Viral Host Interactions in Hepatitis C

丙型肝炎中病毒宿主的相互作用

• 批准号: 7600651
• 负责人: David Richard Gretch
• 金额: $ 41.78万
• 依托单位: UNIVERSITY OF WASHINGTON
• 依托单位国家: 美国
• 财政年份: 2006
• 资助国家: 美国
• 起止时间: 2006-04-01 至 2011-03-31
• 项目状态: 已结题
• 来源: https://reporter.nih.gov/project-details/7600651
• 关键词: Address; Age; Alaska Native; Alcohol consumption; American Indian and Alaska Native; Antigens; Arctic Regions; Back; Cellular Immunity; Centers for Disease Control and Prevention (U.S.); Chronic; Chronic Hepatitis C; Clinical; Clinical Course of Disease; Cohort Studies; Collaborations; Data Analyses; Databases; Disease Outcome; Disease Progression; Enrollment; Epidemiology; Evolution; Gender; Genotype; Goals; Grant; Hepatitis; Hepatitis C; Hepatitis C virus; Human; Immune response; Individual; Infection; Integration Host Factors; Investigation; Link; Liver diseases; Longitudinal Studies; Medical center; Molecular; Mutation; Outcome; Participant; Pathogenesis; Patients; Pattern; Play; RNA; Relative (related person); Research; Research Personnel; Resolution; Risk Factors; Role; Sampling; Serum; Specimen; Study Subject; Technology; Viral; Viremia; cohort; disease natural history; genetic evolution; human subject; liver biopsy; programs; prospective; response

DESCRIPTION (provided by applicant): Although the pathogenesis of chronic hepatitis C is poorly understood, recent studies implicate the dynamic interactions which occur between HCV and the infected host as key determinants of viral persistence and disease progression.
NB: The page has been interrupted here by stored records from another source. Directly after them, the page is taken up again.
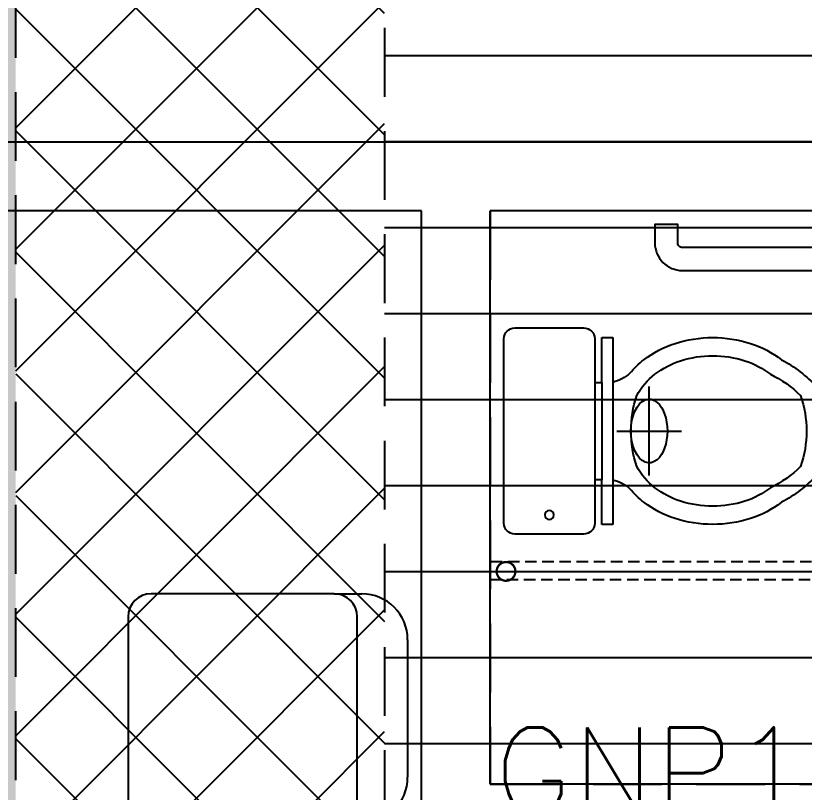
# Model space of a CAD drawing. Header units: inches. Extents: x 567115 to 582893, y 124948 to 133566.
# Drawn here: x 580393.6 to 580565.6, y 130714.4 to 130883.7 of the extents above; entities that cross this region are included whole.
import ezdxf

# ---------------------------------------------------------------- set-up
doc = ezdxf.new("R2010")
doc.units = ezdxf.units.IN
doc.header["$MEASUREMENT"] = 0
doc.linetypes.add('DASHED', pattern=[0.75, 0.5, -0.25])
doc.linetypes.add('HIDDEN', pattern=[0.375, 0.25, -0.125])
for name, color, linetype in [('kazeb', 15, 'Continuous'), ('khatchin', 15, 'DASHED'), ('LIGHTING', 3, 'Continuous'), ('mobl', 11, 'Continuous'), ('wall kanaf', 4, 'Continuous')]:
    doc.layers.add(name, color=color, linetype=linetype)
doc.styles.add('ROMANS', font='romans.shx')

# ---------------------------------------------------------------- blocks, each defined once
blk = doc.blocks.new('T100')
at = {"layer": 'mobl', "linetype": 'Continuous'}
for p, q in [((500598.71, -31043.85), (500613.77, -31043.85)), ((500617.74, -31045.98), (500620.11, -31045.98)), ((500617.74, -31055.74), (500617.74, -31045.98)), ((500620.11, -31045.98), (500620.11, -31055.74)), ((500596.33, -31086.47), (500596.33, -31046.23)), ((500616.15, -31046.23), (500616.15, -31055.74)), ((500616.15, -31055.74), (500617.74, -31055.74)), ((500616.15, -31055.74), (500616.15, -31076.96)), ((500617.74, -31055.74), (500617.74, -31076.96)), ((500620.11, -31055.74), (500620.11, -31076.96)), ((500628.04, -31076.08), (500628.04, -31056.62)), ((500621, -31066.35), (500635.09, -31066.35)), ((500616.15, -31076.96), (500616.15, -31086.47)), ((500617.74, -31076.96), (500616.15, -31076.96)), ((500617.74, -31086.72), (500617.74, -31076.96)), ((500620.11, -31076.96), (500620.11, -31086.72)), ((500620.11, -31086.72), (500617.74, -31086.72)), ((500613.77, -31088.85), (500598.71, -31088.85)), ((500613.77, -31088.85), (500613.77, -31088.85))]:
    blk.add_line(p, q, dxfattribs=at)
at = {"layer": 'mobl', "linetype": 'Continuous', "extrusion": (0, 0, -1)}
for centre, major_axis, ratio, start_param, end_param in [((500598.71, -31046.23), (1.68, 1.68), 1, 3.926991, 5.497787), ((500613.77, -31046.23), (-1.68, 1.68), 1, 0.785398, 2.356194), ((500641.91, -31073.04), (19.14, 19.14), 1, -1.093978, -0.785398), ((500641.91, -31073.04), (-19.14, 19.14), 1, 0.785398, 1.093978), ((500640.45, -31068.44), (15.72, 15.72), 1, -1.4413, -1.093978), ((500643.38, -31068.44), (-15.72, 15.72), 1, 1.093978, 1.4413), ((500638.2, -31065.52), (13.12, 13.12), 1, 4.613673, 4.841885), ((500640.45, -31068.44), (-12.92, 12.92), 1, 0.129496, 0.476819), ((500641.91, -31073.04), (16.34, 16.34), 1, -1.093978, -0.785398), ((500641.91, -31073.04), (-16.34, 16.34), 1, 0.785398, 1.093978), ((500643.38, -31068.44), (-12.92, 12.92), 1, 1.093978, 1.4413), ((500643.47, -31076.14), (20.28, 20.28), 1, -0.296443, 0.042032), ((500617.74, -31046.74), (6.58, 6.58), 1, 1.640232, 2.098393), ((500638.2, -31065.52), (-10.32, 10.32), 1, 5.991563, 6.412682), ((500643.39, -31076.67), (-17.88, 17.88), 1, 1.241205, 1.560823), ((500651.5, -31064.08), (-3.58, 19.68), 0.731658, 1.323908, 1.817684), ((500628.04, -31066.35), (0, 6.95), 0.570521, 2.688702, 6.736076), ((500634.93, -31064.16), (2.61, 15.84), 0.664885, 4.465501, 4.959277), ((500651.52, -31064.16), (-2.61, 15.84), 0.664885, 1.323908, 1.817684), ((500628.04, -31066.35), (0, 6.95), 0.570521, 0.45289, 2.688702), ((500634.93, -31068.54), (-2.61, 15.84), 0.664885, 4.465501, 4.959277), ((500651.52, -31068.54), (2.61, 15.84), 0.664885, 1.323908, 1.817684), ((500651.5, -31068.62), (3.58, 19.68), 0.731658, 1.323908, 1.817684), ((500638.2, -31067.17), (-10.32, 10.32), 1, 4.582893, 5.004011), ((500643.39, -31056.03), (17.88, 17.88), 1, 1.580769, 1.900388), ((500617.74, -31085.96), (6.58, 6.58), 1, -0.527596, -0.069436), ((500643.47, -31056.56), (20.28, 20.28), 1, 1.528765, 1.867239), ((500640.45, -31064.25), (-12.92, 12.92), 1, 4.23557, 4.582893), ((500643.38, -31064.25), (-12.92, 12.92), 1, 3.271089, 3.618411), ((500638.2, -31067.17), (-13.12, 13.12), 1, 4.582893, 4.811105), ((500640.45, -31064.25), (-15.72, 15.72), 1, 4.23557, 4.582893), ((500641.91, -31059.65), (-16.34, 16.34), 1, 3.926991, 4.23557), ((500641.91, -31059.65), (16.34, 16.34), 1, 2.047615, 2.356194), ((500643.38, -31064.25), (15.72, 15.72), 1, 1.700293, 2.047615), ((500606.24, -31084.65), (0.707, 0.707), 1, -0.785398, 5.497787), ((500641.91, -31059.65), (-19.14, 19.14), 1, 3.926991, 4.23557), ((500641.91, -31059.65), (19.14, 19.14), 1, 2.047615, 2.356194), ((500598.71, -31086.47), (-1.68, 1.68), 1, 3.926991, 5.497787), ((500613.77, -31086.47), (1.68, 1.68), 1, 0.785398, 2.356194)]:
    blk.add_ellipse(centre, major_axis=major_axis, ratio=ratio, start_param=start_param, end_param=end_param, dxfattribs=at)
blk = doc.blocks.new('A$C6F8A6A56')
at = {"layer": 'mobl', "color": 3, "rotation": 90}
blk.add_blockref('T100', (-31066.35, -500596.33), dxfattribs=at)
blk = doc.blocks.new('wc.ff')
at = {"layer": 'mobl', "const_width": 0.49}
blk.add_lwpolyline([(-76.57, -3.47, 3.209414), (-77.89, -5.38, 0.311583), (-76.57, -3.47, 5.13246)], format="xyb", dxfattribs=at)
at = {"layer": 'mobl', "linetype": 'HIDDEN', "ltscale": 10}
blk.add_lwpolyline([(-76.46, -0.13), (-76.46, -88.63, -0.414214), (-77.96, -90.13), (-78.96, -90.13, -0.414214), (-80.46, -88.63), (-80.46, -0.13)], format="xyb", dxfattribs=at)
at = {"layer": 'mobl'}
blk.add_lwpolyline([(-13, -79.95, 0.414214), (-7, -85.95), (-3, -85.95), (-3, -80.95), (-7, -80.95, -0.414214), (-8, -79.95), (-8, -41.95, -0.414214), (-7, -40.95), (-3, -40.95), (-3, -35.95), (-7, -35.95, 0.414214), (-13, -41.95)], format="xyb", close=True, dxfattribs=at)
at = {"layer": 'mobl', "rotation": 179.9999999916624}
blk.add_blockref('A$C6F8A6A56', (-48, -3), dxfattribs=at)
blk = doc.blocks.new('2-03')
at = {"layer": 'mobl'}
for p, q in [((-0.145, -0.31), (0.155, -0.31)), ((-0.245, -0.47), (-0.245, -0.41)), ((0.255, -0.47), (0.255, -0.41)), ((0.205, -0.42), (-0.195, -0.42)), ((-0.245, -0.47), (-0.245, -0.87)), ((0.255, -0.87), (0.255, -0.47)), ((-0.195, -0.92), (0.205, -0.92))]:
    blk.add_line(p, q, dxfattribs=at)
for centre, radius, start, end in [((-0.145, -0.41), 0.1, 90, 180), ((0.155, -0.41), 0.1, 0, 90), ((-0.195, -0.47), 0.05, 90, 180), ((0.205, -0.47), 0.05, 0, 90), ((-0.195, -0.87), 0.05, 180, 270), ((0.205, -0.87), 0.05, 270, 360)]:
    blk.add_arc(centre, radius, start, end, dxfattribs=at)

msp = doc.modelspace()

# ---------------------------------------------------------------- hatches: boundary and pattern name
at = {"layer": 'kazeb'}
h = msp.add_hatch(dxfattribs=at)
h.set_pattern_fill('ANSI33', color=256, scale=150, style=0)
edge = h.paths.add_edge_path()
edge.add_line((582109.57, 128632.04), (582109.57, 128392.04))
edge.add_line((582109.57, 128392.04), (578320.57, 128392.04))
edge.add_line((578320.57, 128392.04), (578320.57, 128690.54))
edge.add_line((578320.57, 128690.54), (578793.57, 128690.54))
edge.add_line((578793.57, 128690.54), (578793.57, 129021.04))
edge.add_line((578793.57, 129021.04), (578726.07, 129021.04))
edge.add_line((578726.07, 129021.04), (578726.07, 129420.54))
edge.add_line((578726.07, 129420.54), (578793.57, 129420.54))
edge.add_line((578793.57, 129420.54), (578793.57, 129646.75))
edge.add_arc((578599.47, 129621.05), 195.79, 7.5429, 86.8508)
edge.add_line((578610.23, 129816.54), (577001.07, 129816.54))
edge.add_line((577001.07, 129816.54), (577001.07, 129854.04))
edge.add_line((577001.07, 129854.04), (576904.07, 129854.04))
edge.add_line((576904.07, 129854.04), (576905.74, 130029.04))
edge.add_line((576905.74, 130029.04), (577001.07, 130029.04))
edge.add_line((577001.07, 130029.04), (577001.07, 130066.54))
edge.add_line((577001.07, 130066.54), (580046.57, 130066.54))
edge.add_line((580046.57, 130066.54), (580046.57, 131114.04))
edge.add_line((580046.57, 131114.04), (580126.57, 131114.04))
edge.add_line((580126.57, 131114.04), (580126.57, 131169.54))
edge.add_line((580126.57, 131169.54), (580340.34, 131169.54))
edge.add_line((580340.34, 131169.54), (580346.57, 131169.54))
edge.add_line((580346.57, 131169.54), (580393.57, 131169.54))
edge.add_line((580393.57, 131169.54), (580393.57, 128632.04))
edge.add_line((580393.57, 128632.04), (582109.57, 128632.04))
edge = h.paths.add_edge_path(flags=16)
edge.add_line((578993.57, 128632.04), (580058.69, 128632.04))
edge.add_line((580058.69, 128632.04), (580058.44, 129716.54))
edge.add_arc((579958.61, 129716.73), 99.84, 359.8898, 448.6633)
edge.add_line((579960.94, 129816.54), (578993.57, 129816.54))
edge.add_line((578993.57, 129816.54), (578993.57, 128632.04))
h = msp.add_hatch(dxfattribs=at)
h.set_pattern_fill('ANSI37,_I', color=256, scale=150, style=2)
h.set_pattern_definition([(45, (0, 0), (-13.25825215, 13.25825215), []), (135, (0, 0), (-13.25825215, -13.25825215), [])])
h.paths.add_polyline_path([(580474.07, 130492.04), (580393.58, 130492.04), (580393.58, 131106.04), (580474.07, 131106.04)])
h = msp.add_hatch(dxfattribs=at)
h.set_pattern_fill('LINE', color=256, scale=150, style=2)
h.paths.add_polyline_path([(581801.57, 131106.04), (580474.07, 131106.04), (580474.07, 130492.04), (581801.57, 130492.04)])

# ---------------------------------------------------------------- linework, layer by layer
at = {"layer": 'khatchin', "ltscale": 30}
for points in [[(580474.07, 130492.04), (580393.58, 130492.04), (580393.58, 131106.04), (580474.07, 131106.04)], [(581801.57, 131106.04), (580474.07, 131106.04), (580474.07, 130492.04), (581801.57, 130492.04)], [(580482.09, 130841.15), (580102.09, 130841.15), (580102.09, 130596.65), (580102.09, 130476.65), (580102.09, 130471.65), (580408.59, 130471.65), (580408.59, 130507.15), (580482.09, 130507.15)], [(580694.09, 130841.15), (580497.09, 130841.15), (580497.09, 130716.15), (580694.09, 130716.15)]]:
    msp.add_lwpolyline(points, close=True, dxfattribs=at)
msp.add_lwpolyline([(580859.09, 130307.15), (580709.09, 130307.15), (580709.09, 130856.15), (579441.59, 130856.15)], dxfattribs=at)
at = {"layer": 'wall kanaf', "color": 15}
for p, q in [((580709.09, 130856.15), (579441.59, 130856.15)), ((580482.09, 130841.15), (580102.09, 130841.15)), ((580694.09, 130841.15), (580497.09, 130841.15)), ((580694.09, 130716.15), (580497.09, 130716.15))]:
    msp.add_line(p, q, dxfattribs=at)
at = {"layer": 'wall kanaf', "color": 15, "ltscale": 0.1}
for p, q in [((580482.09, 130507.15), (580482.09, 130841.15)), ((580497.09, 130716.15), (580497.09, 130841.15))]:
    msp.add_line(p, q, dxfattribs=at)

# ---------------------------------------------------------------- block references
at = {"layer": 'mobl', "rotation": 89.99999999999999}
msp.add_blockref('wc.ff', (580497.09, 130841.15), dxfattribs=at)
at = {"layer": 'mobl', "xscale": 100, "yscale": 100, "zscale": 100, "rotation": 270.0000000000001}
msp.add_blockref('2-03', (580510.09, 130733.15), dxfattribs=at)

# ---------------------------------------------------------------- texts
at = {"layer": 'LIGHTING', "color": 2, "ltscale": 8, "style": 'ROMANS'}
msp.add_text('GNP1-4', height=19, dxfattribs=at).set_placement((580497.92, 130709.53))

doc.saveas('drawing.dxf')

Studies in humans indicate that genetic evolution of HCV to form viral quasispecies, and the strength of host CD4 and CDS response against HCV antigens are both critically linked to persistence of infection and progression of chronic liver disease. However, research confirming a direct interplay between HCV evolution and the immune responses of individual patients with specific outcomes needs to be performed. The overall goal of this proposal is to gain a better understanding of the pathogenesis of hepatitis C by investigating the relationships between HCV genetic evolution and host immune responses as they relate to resolution or persistence of infection and progression or non- progression of chronic liver disease. We will study subjects from the Alaska Native and American Indian cohort, taking advantage of a serum bank which dates back over 30 years and a large clinical and virological database compiled on approximately 1000 subjects over the past 8 years. HCV genetic evolution will be studied in the context of host immune responses in different clinical settings. Results from these studies will further our understanding of the mechanisms of HCV persistence and liver disease progression.

描述(申请人提供)：尽管慢性丙型肝炎的发病机制尚不清楚，但最近的研究表明，发生在丙型肝炎病毒和受感染宿主之间的动态相互作用是病毒持续和疾病进展的关键决定因素。在人类身上的研究表明，丙型肝炎病毒的遗传进化形成病毒准种，宿主对丙型肝炎病毒抗原的CD4和CDS应答的强度都与感染的持续和慢性肝病的进展密切相关。然而，需要进行研究，证实丙型肝炎病毒的进化和个别患者的免疫反应之间存在直接的相互作用，并产生特定的结果。这项建议的总体目标是通过研究丙型肝炎病毒基因进化和宿主免疫反应之间的关系来更好地了解丙型肝炎的发病机制，因为它们与感染的解决或持续以及慢性肝病的进展或不进展有关。我们将研究阿拉斯加原住民和美洲印第安人队列中的受试者，利用可追溯到30多年前的血清库和过去8年中编辑的约1000名受试者的大型临床和病毒学数据库。丙型肝炎病毒的遗传进化将在不同临床环境下宿主免疫反应的背景下进行研究。这些研究的结果将进一步加深我们对丙型肝炎持续和肝病进展机制的理解。